This is a repost of a piece I wrote for The Panda’s Thumb in March 2004. I add it here to put it in the Basics series.
It is, wrote the Roman poet Horace, fit and proper to die for one’s homeland. The word he used for homeland was “patria” (dulce et decorum est pro patria mori), and the word has entered into biology as the suffix for exactly that. Unlike Horace’s slogan, though, it applies more to living than dying. It would be nice if we humans could attempt to live for our homelands rather than die for them, but that’s another rant for another time.

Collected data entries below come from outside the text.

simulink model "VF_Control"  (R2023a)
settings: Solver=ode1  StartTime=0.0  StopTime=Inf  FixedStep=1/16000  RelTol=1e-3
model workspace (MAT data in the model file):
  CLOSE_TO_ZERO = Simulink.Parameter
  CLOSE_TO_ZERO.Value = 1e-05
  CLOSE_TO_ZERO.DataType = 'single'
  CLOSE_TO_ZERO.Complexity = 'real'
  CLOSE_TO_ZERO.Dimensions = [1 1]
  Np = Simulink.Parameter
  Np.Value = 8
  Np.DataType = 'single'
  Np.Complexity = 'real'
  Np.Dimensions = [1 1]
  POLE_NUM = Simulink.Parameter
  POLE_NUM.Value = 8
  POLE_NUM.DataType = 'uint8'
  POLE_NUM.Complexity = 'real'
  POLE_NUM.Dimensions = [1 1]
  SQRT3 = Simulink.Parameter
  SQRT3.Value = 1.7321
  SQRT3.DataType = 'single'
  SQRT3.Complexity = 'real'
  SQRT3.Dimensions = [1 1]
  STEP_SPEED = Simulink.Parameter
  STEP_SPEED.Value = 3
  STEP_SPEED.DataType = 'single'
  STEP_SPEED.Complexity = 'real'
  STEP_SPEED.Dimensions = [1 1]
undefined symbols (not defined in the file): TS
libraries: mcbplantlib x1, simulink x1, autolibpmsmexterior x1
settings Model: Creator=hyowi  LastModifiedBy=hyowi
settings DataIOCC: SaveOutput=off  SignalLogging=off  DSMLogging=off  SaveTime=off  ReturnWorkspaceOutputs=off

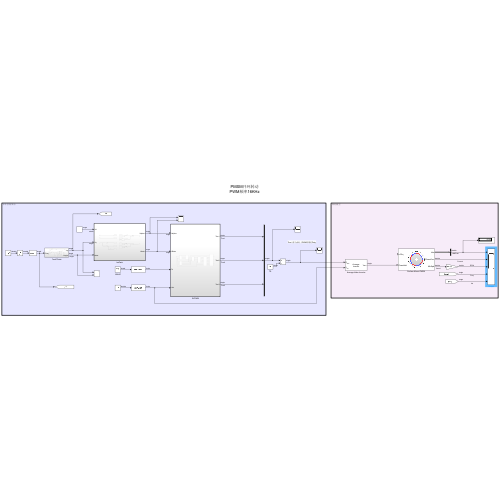
[thumbnail: Simulink's stored preview of the top-level diagram]
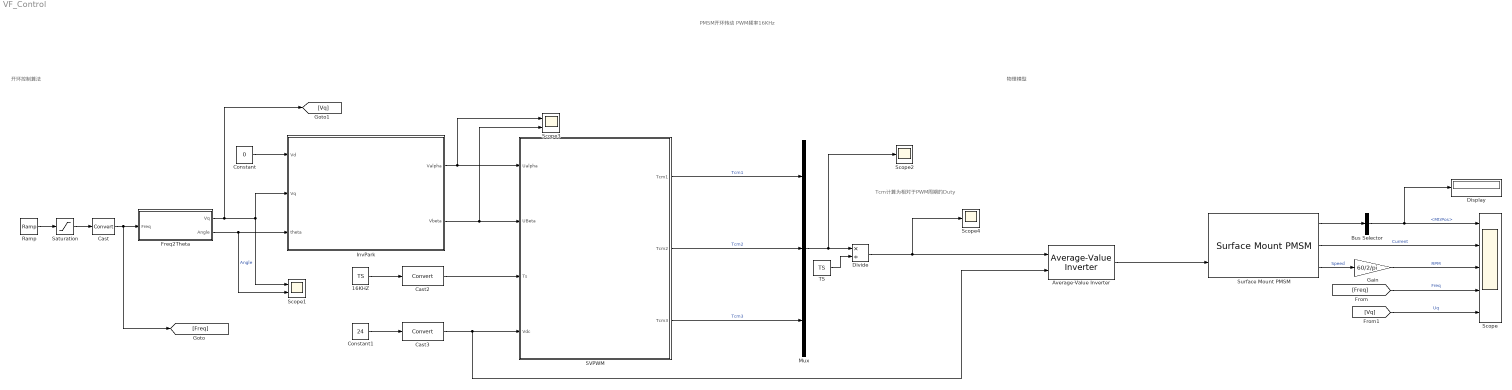
== system VF_Control ==
  note: 物理模型
  note: 开环控制算法
  note: Tcm计算为相对于PWM周期的Duty
  note: PMSM开环转动
      | PWM频率16KHz
  16KHZ : Constant  Value=TS
  Average-Value Inverter : mcbplantlib/Average-Value Inverter
      settings: LibrarySourceBlock=mcblib/Electrical Systems/Inverters/Average-Value Inverter
  Bus Selector : BusSelector  OutputSignals=MtrPos
  Cast : DataTypeConversion  SaturateOnIntegerOverflow=off  RndMeth=Floor
  Cast2 : DataTypeConversion  SaturateOnIntegerOverflow=off  RndMeth=Floor
  Cast3 : DataTypeConversion  SaturateOnIntegerOverflow=off  RndMeth=Floor
  Constant : Constant  Value=0  OutDataTypeStr=single
  Constant1 : Constant  Value=24  SampleTime=-1
  Display : Display
  Divide : Product  Inputs=*/
  Freq2Theta : Subsystem
  Gain : Gain  Gain=60/2/pi
  InvPark : Subsystem  TreatAsAtomicUnit=on
  Mux : Mux  Inputs=3
  Ramp : simulink/Sources/Ramp  slope=12  start=2  InitialOutput=15
  SVPWM : Subsystem  TreatAsAtomicUnit=on
  Saturation : Saturate  UpperLimit=400
  Scope : Scope  NumInputPorts=5
  Scope1 : Scope  NumInputPorts=2
  Scope2 : Scope
  Scope3 : Scope  NumInputPorts=2
  Scope4 : Scope
  Surface Mount PMSM : autolibpmsmexterior/Surface Mount PMSM  port_config=Torque  sim_type=Discrete  Ts=1/16000  FilePath=E:\Sandbox\Bauto\Work\surfacepmsm_motordata.m  P=8  Rs=1.02  Ldq_=0.59e-3  KConstText=Permanent flux linkage constant (lambda_pm):  lambda_pm=0.01194  Ke=159.9771  Kt=1.323  mechanical=[0.0047, 4.924e-4, 0]  idq0=[0 0]  theta_init=0  omega_init=0  KConst=0.01194  lambda_pm_calc=0.01194  RefBlkName='autolibpmsmexterior/Surface Mount PMSM'  aMode=1  Ldq="[0.0003752   0.0003752]"
      settings: LibrarySourceBlock=autolibemachines/Surface Mount PMSM
  TS : Constant  Value=TS
  wires:
  16KHZ/1 -> Cast2/1
  Constant1/1 -> Cast3/1
  Cast2/1 -> SVPWM/3(Ts)
  Cast3/1 -> Average-Value Inverter/2, SVPWM/4(Vdc)
  InvPark/1(Valpha) -> Scope3/1, SVPWM/1(Ualpha)
  InvPark/2(Vbeta) -> Scope3/2, SVPWM/2(UBeta)
  Mux/1 -> Scope2/1, Divide/1
  TS/1 -> Divide/2
  Average-Value Inverter/1 -> Surface Mount PMSM/2
  Surface Mount PMSM/2 -> Scope/2  "Current"
  Constant/1 -> InvPark/1(Vd)
  Saturation/1 -> Cast/1
  Freq2Theta/2(Angle) -> Scope1/2, InvPark/3(theta)  "Angle"
  Ramp/1 -> Saturation/1
  Cast/1 -> [Freq], Freq2Theta/1(Freq)
  Divide/1 -> Scope4/1, Average-Value Inverter/1
  Surface Mount PMSM/3 -> Gain/1  "Speed"
  Gain/1 -> Scope/3  "RPM"
  [Freq] -> Scope/4  "Freq"
  [Vq] -> Scope/5  "Uq"
  Freq2Theta/1(Vq) -> [Vq], InvPark/2(Vq), Scope1/1
  Surface Mount PMSM/1 -> Bus Selector/1
  Bus Selector/1 -> Display/1, Scope/1  "<MtrPos>"
  SVPWM/1(Tcm1) -> Mux/1  "Tcm1"
  SVPWM/2(Tcm2) -> Mux/2  "Tcm2"
  SVPWM/3(Tcm3) -> Mux/3  "Tcm3"

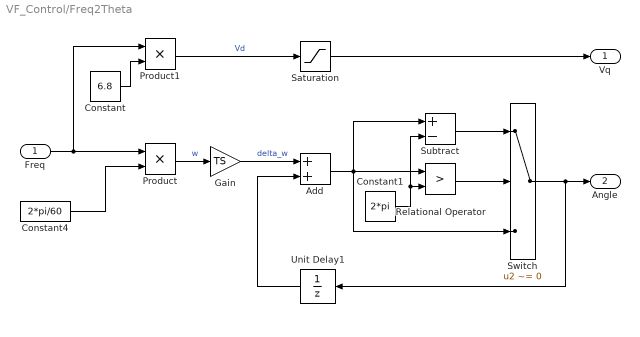
== system VF_Control/Freq2Theta ==
  Freq : Inport
  Add : Sum
  Constant : Constant  Value=6.8  OutDataTypeStr=single
  Constant1 : Constant  Value=2*pi  OutDataTypeStr=single
  Constant4 : Constant  Value=2*pi/60  OutDataTypeStr=single
  Gain : Gain  Gain=TS
  Product : Product
  Product1 : Product
  Relational Operator : RelationalOperator  Operator=>  OutDataTypeStr=boolean  RndMeth=Simplest  InputSameDT=off
  Saturation : Saturate  UpperLimit=24/sqrt(3)  LowerLimit=2
  Subtract : Sum  Inputs=+-
  Switch : Switch  Criteria=u2 ~= 0  SaturateOnIntegerOverflow=off  InputSameDT=off
  Unit Delay1 : UnitDelay  SampleTime=-1  HasFrameUpgradeWarning=on
  Vq : Outport
  Angle : Outport  Port=2
  wires:
  Product/1 -> Gain/1  "w"
  Constant4/1 -> Product/2
  Freq/1 -> Product1/1, Product/1
  Unit Delay1/1 -> Add/2
  Constant/1 -> Product1/2
  Product1/1 -> Saturation/1  "Vd"
  Saturation/1 -> Vq/1
  Gain/1 -> Add/1  "delta_w"
  Switch/1 -> Unit Delay1/1, Angle/1
  Relational Operator/1 -> Switch/2
  Add/1 -> Subtract/1, Switch/3, Relational Operator/1
  Constant1/1 -> Subtract/2, Relational Operator/2
  Subtract/1 -> Switch/1

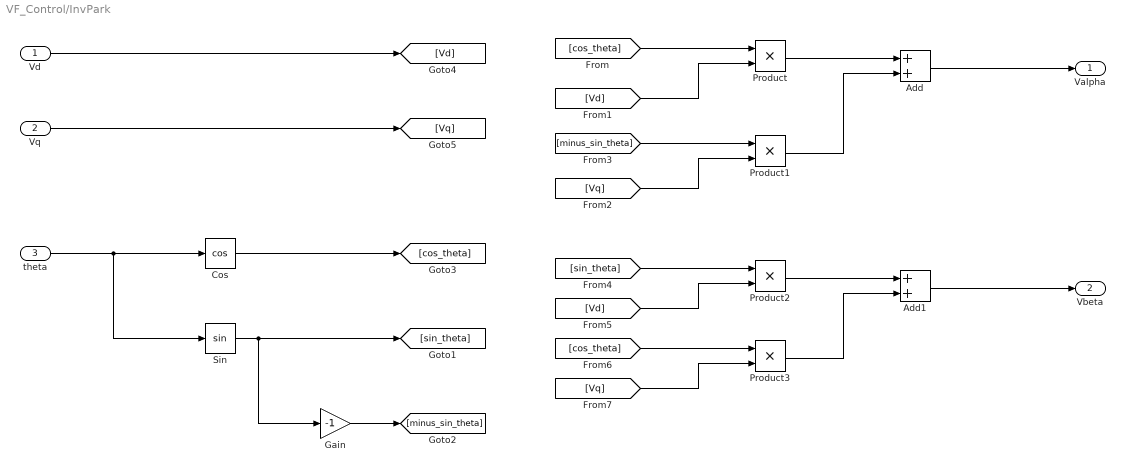
== system VF_Control/InvPark ==
  Vd : Inport  OutDataTypeStr=single
  Vq : Inport  Port=2  OutDataTypeStr=single
  theta : Inport  Port=3
  Add : Sum
  Add1 : Sum
  Cos : Trigonometry  Operator=cos
  Gain : Gain  Gain=-1
  Product{,1..3} (4 alike) : Product
  Sin : Trigonometry
  Valpha : Outport
  Vbeta : Outport  Port=2
  wires:
  [cos_theta] -> Product3/1
  Add1/1 -> Vbeta/1
  [Vq] -> Product1/2
  theta/1 -> Sin/1, Cos/1
  Sin/1 -> Gain/1, [sin_theta]
  Product/1 -> Add/1
  [Vd] -> Product2/2
  Product3/1 -> Add1/2
  [Vq] -> Product3/2
  [cos_theta] -> Product/1
  Product2/1 -> Add1/1
  Gain/1 -> [minus_sin_theta]
  Vd/1 -> [Vd]
  Add/1 -> Valpha/1
  Vq/1 -> [Vq]
  Cos/1 -> [cos_theta]
  [Vd] -> Product/2
  [minus_sin_theta] -> Product1/1
  [sin_theta] -> Product2/1
  Product1/1 -> Add/2

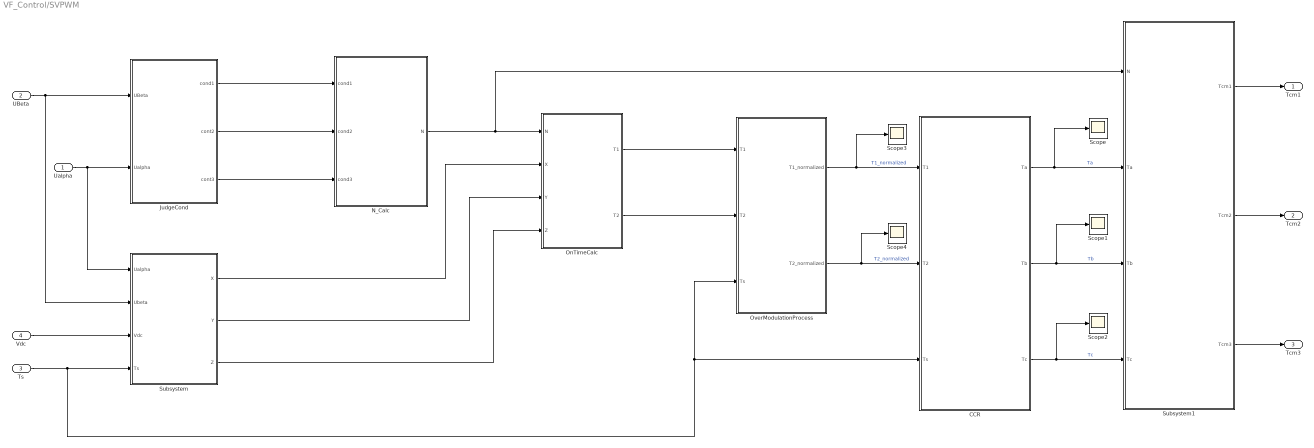
== system VF_Control/SVPWM ==
  Ualpha : Inport  OutDataTypeStr=single
  UBeta : Inport  Port=2  OutDataTypeStr=single
  Ts : Inport  Port=3
  Vdc : Inport  Port=4
  CCR : Subsystem  TreatAsAtomicUnit=on
  JudgeCond : Subsystem  TreatAsAtomicUnit=on
  N_Calc : Subsystem  TreatAsAtomicUnit=on
  OnTimeCalc : Subsystem  TreatAsAtomicUnit=on
  OverModulationProcess : Subsystem  TreatAsAtomicUnit=on
  Scope{,1..4} (5 alike) : Scope
  Subsystem : Subsystem  TreatAsAtomicUnit=on
  Subsystem1 : Subsystem  TreatAsAtomicUnit=on
  Tcm1 : Outport
  Tcm2 : Outport  Port=2
  Tcm3 : Outport  Port=3
  wires:
  Vdc/1 -> Subsystem/3(Vdc)
  JudgeCond/1(cond1) -> N_Calc/1(cond1)
  OnTimeCalc/1(T1) -> OverModulationProcess/1(T1)
  OnTimeCalc/2(T2) -> OverModulationProcess/2(T2)
  Subsystem/2(Y) -> OnTimeCalc/3(Y)
  Subsystem/3(Z) -> OnTimeCalc/4(Z)
  Ts/1 -> OverModulationProcess/3(Ts), CCR/3(Ts), Subsystem/4(Ts)
  OverModulationProcess/2(T2_normalized) -> Scope4/1, CCR/2(T2)  "T2_normalized"
  OverModulationProcess/1(T1_normalized) -> Scope3/1, CCR/1(T1)  "T1_normalized"
  Subsystem/1(X) -> OnTimeCalc/2(X)
  Ualpha/1 -> Subsystem/1(Ualpha), JudgeCond/2(Ualpha)
  UBeta/1 -> Subsystem/2(Ubeta), JudgeCond/1(UBeta)
  Subsystem1/1(Tcm1) -> Tcm1/1
  Subsystem1/2(Tcm2) -> Tcm2/1
  Subsystem1/3(Tcm3) -> Tcm3/1
  CCR/1(Ta) -> Scope/1, Subsystem1/2(Ta)  "Ta"
  CCR/2(Tb) -> Scope1/1, Subsystem1/3(Tb)  "Tb"
  CCR/3(Tc) -> Scope2/1, Subsystem1/4(Tc)  "Tc"
  JudgeCond/2(cont2) -> N_Calc/2(cond2)
  JudgeCond/3(cont3) -> N_Calc/3(cond3)
  N_Calc/1(N) -> Subsystem1/1(N), OnTimeCalc/1(N)

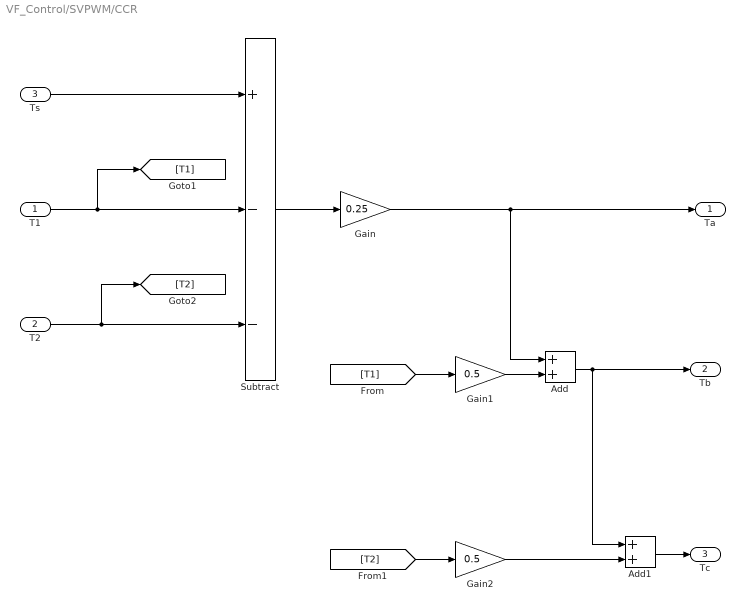
== system VF_Control/SVPWM/CCR ==
  T1 : Inport
  T2 : Inport  Port=2
  Ts : Inport  Port=3
  Add : Sum
  Add1 : Sum
  Gain : Gain  Gain=0.25  OutDataTypeStr=Inherit: Same as input
  Gain1 : Gain  Gain=0.5  OutDataTypeStr=Inherit: Same as input
  Gain2 : Gain  Gain=0.5  OutDataTypeStr=Inherit: Same as input
  Subtract : Sum  Inputs=+--
  Ta : Outport
  Tb : Outport  Port=2
  Tc : Outport  Port=3
  wires:
  Subtract/1 -> Gain/1
  Add/1 -> Tb/1, Add1/1
  Gain/1 -> Ta/1, Add/1
  [T1] -> Gain1/1
  T1/1 -> [T1], Subtract/2
  [T2] -> Gain2/1
  T2/1 -> [T2], Subtract/3
  Add1/1 -> Tc/1
  Ts/1 -> Subtract/1
  Gain1/1 -> Add/2
  Gain2/1 -> Add1/2

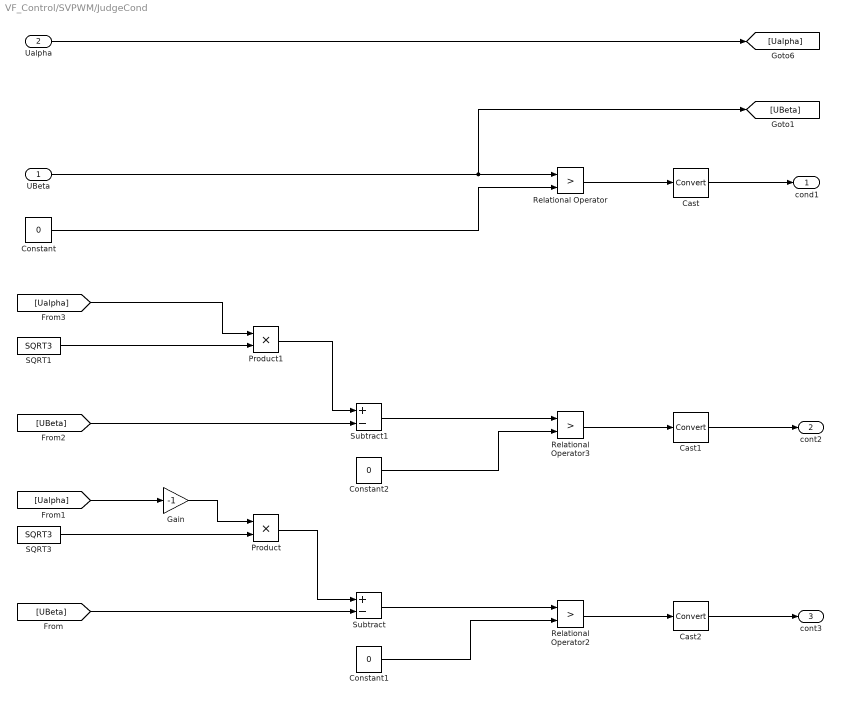
== system VF_Control/SVPWM/JudgeCond ==
  UBeta : Inport  OutDataTypeStr=single
  Ualpha : Inport  Port=2  OutDataTypeStr=single
  Cast : DataTypeConversion  SaturateOnIntegerOverflow=off  RndMeth=Floor
  Cast1 : DataTypeConversion  SaturateOnIntegerOverflow=off  RndMeth=Floor
  Cast2 : DataTypeConversion  SaturateOnIntegerOverflow=off  RndMeth=Floor
  Constant : Constant  Value=0  OutDataTypeStr=single
  Constant1 : Constant  Value=0  OutDataTypeStr=single
  Constant2 : Constant  Value=0  OutDataTypeStr=single
  Gain : Gain  Gain=-1
  Product : Product
  Product1 : Product
  Relational Operator : RelationalOperator  Operator=>  OutDataTypeStr=boolean  RndMeth=Simplest  InputSameDT=off
  Relational Operator2 : RelationalOperator  Operator=>  OutDataTypeStr=boolean  RndMeth=Simplest  InputSameDT=off
  Relational Operator3 : RelationalOperator  Operator=>  OutDataTypeStr=boolean  RndMeth=Simplest  InputSameDT=off
  SQRT1 : Constant  Value=SQRT3  OutDataTypeStr=single
  SQRT3 : Constant  Value=SQRT3  OutDataTypeStr=single
  Subtract : Sum  Inputs=+-
  Subtract1 : Sum  Inputs=+-
  cond1 : Outport  OutDataTypeStr=uint8
  cont2 : Outport  Port=2  OutDataTypeStr=uint8
  cont3 : Outport  Port=3  OutDataTypeStr=uint8
  wires:
  UBeta/1 -> Relational Operator/1, [UBeta]
  Relational Operator/1 -> Cast/1
  Constant/1 -> Relational Operator/2
  Relational Operator2/1 -> Cast2/1
  Relational Operator3/1 -> Cast1/1
  Ualpha/1 -> [Ualpha]
  Cast/1 -> cond1/1
  Cast1/1 -> cont2/1
  Cast2/1 -> cont3/1
  Product/1 -> Subtract/1
  SQRT3/1 -> Product/2
  Subtract/1 -> Relational Operator2/1
  Constant1/1 -> Relational Operator2/2
  SQRT1/1 -> Product1/2
  Subtract1/1 -> Relational Operator3/1
  Product1/1 -> Subtract1/1
  Constant2/1 -> Relational Operator3/2
  [UBeta] -> Subtract/2
  [Ualpha] -> Gain/1
  [UBeta] -> Subtract1/2
  [Ualpha] -> Product1/1
  Gain/1 -> Product/1

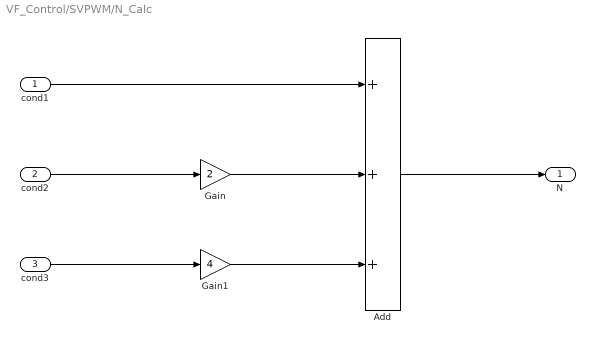
== system VF_Control/SVPWM/N_Calc ==
  cond1 : Inport  OutDataTypeStr=uint8
  cond2 : Inport  Port=2  OutDataTypeStr=uint8
  cond3 : Inport  Port=3  OutDataTypeStr=uint8
  Add : Sum  Inputs=+++
  Gain : Gain  Gain=2  OutDataTypeStr=Inherit: Same as input
  Gain1 : Gain  Gain=4  OutDataTypeStr=Inherit: Same as input
  N : Outport
  wires:
  cond3/1 -> Gain1/1
  cond1/1 -> Add/1
  Add/1 -> N/1
  cond2/1 -> Gain/1
  Gain1/1 -> Add/3
  Gain/1 -> Add/2

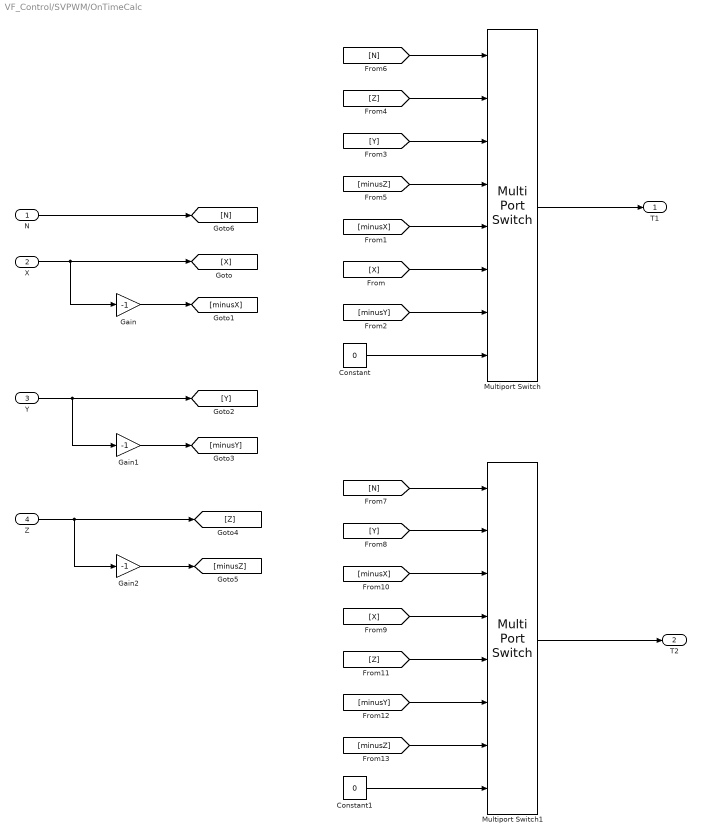
== system VF_Control/SVPWM/OnTimeCalc ==
  N : Inport
  X : Inport  Port=2  OutDataTypeStr=single
  Y : Inport  Port=3  OutDataTypeStr=single
  Z : Inport  Port=4  OutDataTypeStr=single
  Constant : Constant  Value=0  OutDataTypeStr=single
  Constant1 : Constant  Value=0  OutDataTypeStr=single
  Gain : Gain  Gain=-1  OutDataTypeStr=single
  Gain1 : Gain  Gain=-1  OutDataTypeStr=single
  Gain2 : Gain  Gain=-1  OutDataTypeStr=single
  Multiport Switch : MultiPortSwitch  Inputs=7  DiagnosticForDefault=Warning  SaturateOnIntegerOverflow=off  InputSameDT=off
  Multiport Switch1 : MultiPortSwitch  Inputs=7  DiagnosticForDefault=Warning  SaturateOnIntegerOverflow=off  InputSameDT=off
  T1 : Outport
  T2 : Outport  Port=2
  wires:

There are a cluster of terms used by biologists to describe where organisms live or grow, and they are: sympatric, allopatric, parapatric, peripatric, stasipatric, and dichopatric. This flock of technical terms is confusing to the newcomer (and to some biologists), but there is a kind of logic – as much as in the evolution of any technical jargon – that will make it clearer, and at the same time allow us to set up the alternative views on the fundamental evolutionary process of common descent: speciation.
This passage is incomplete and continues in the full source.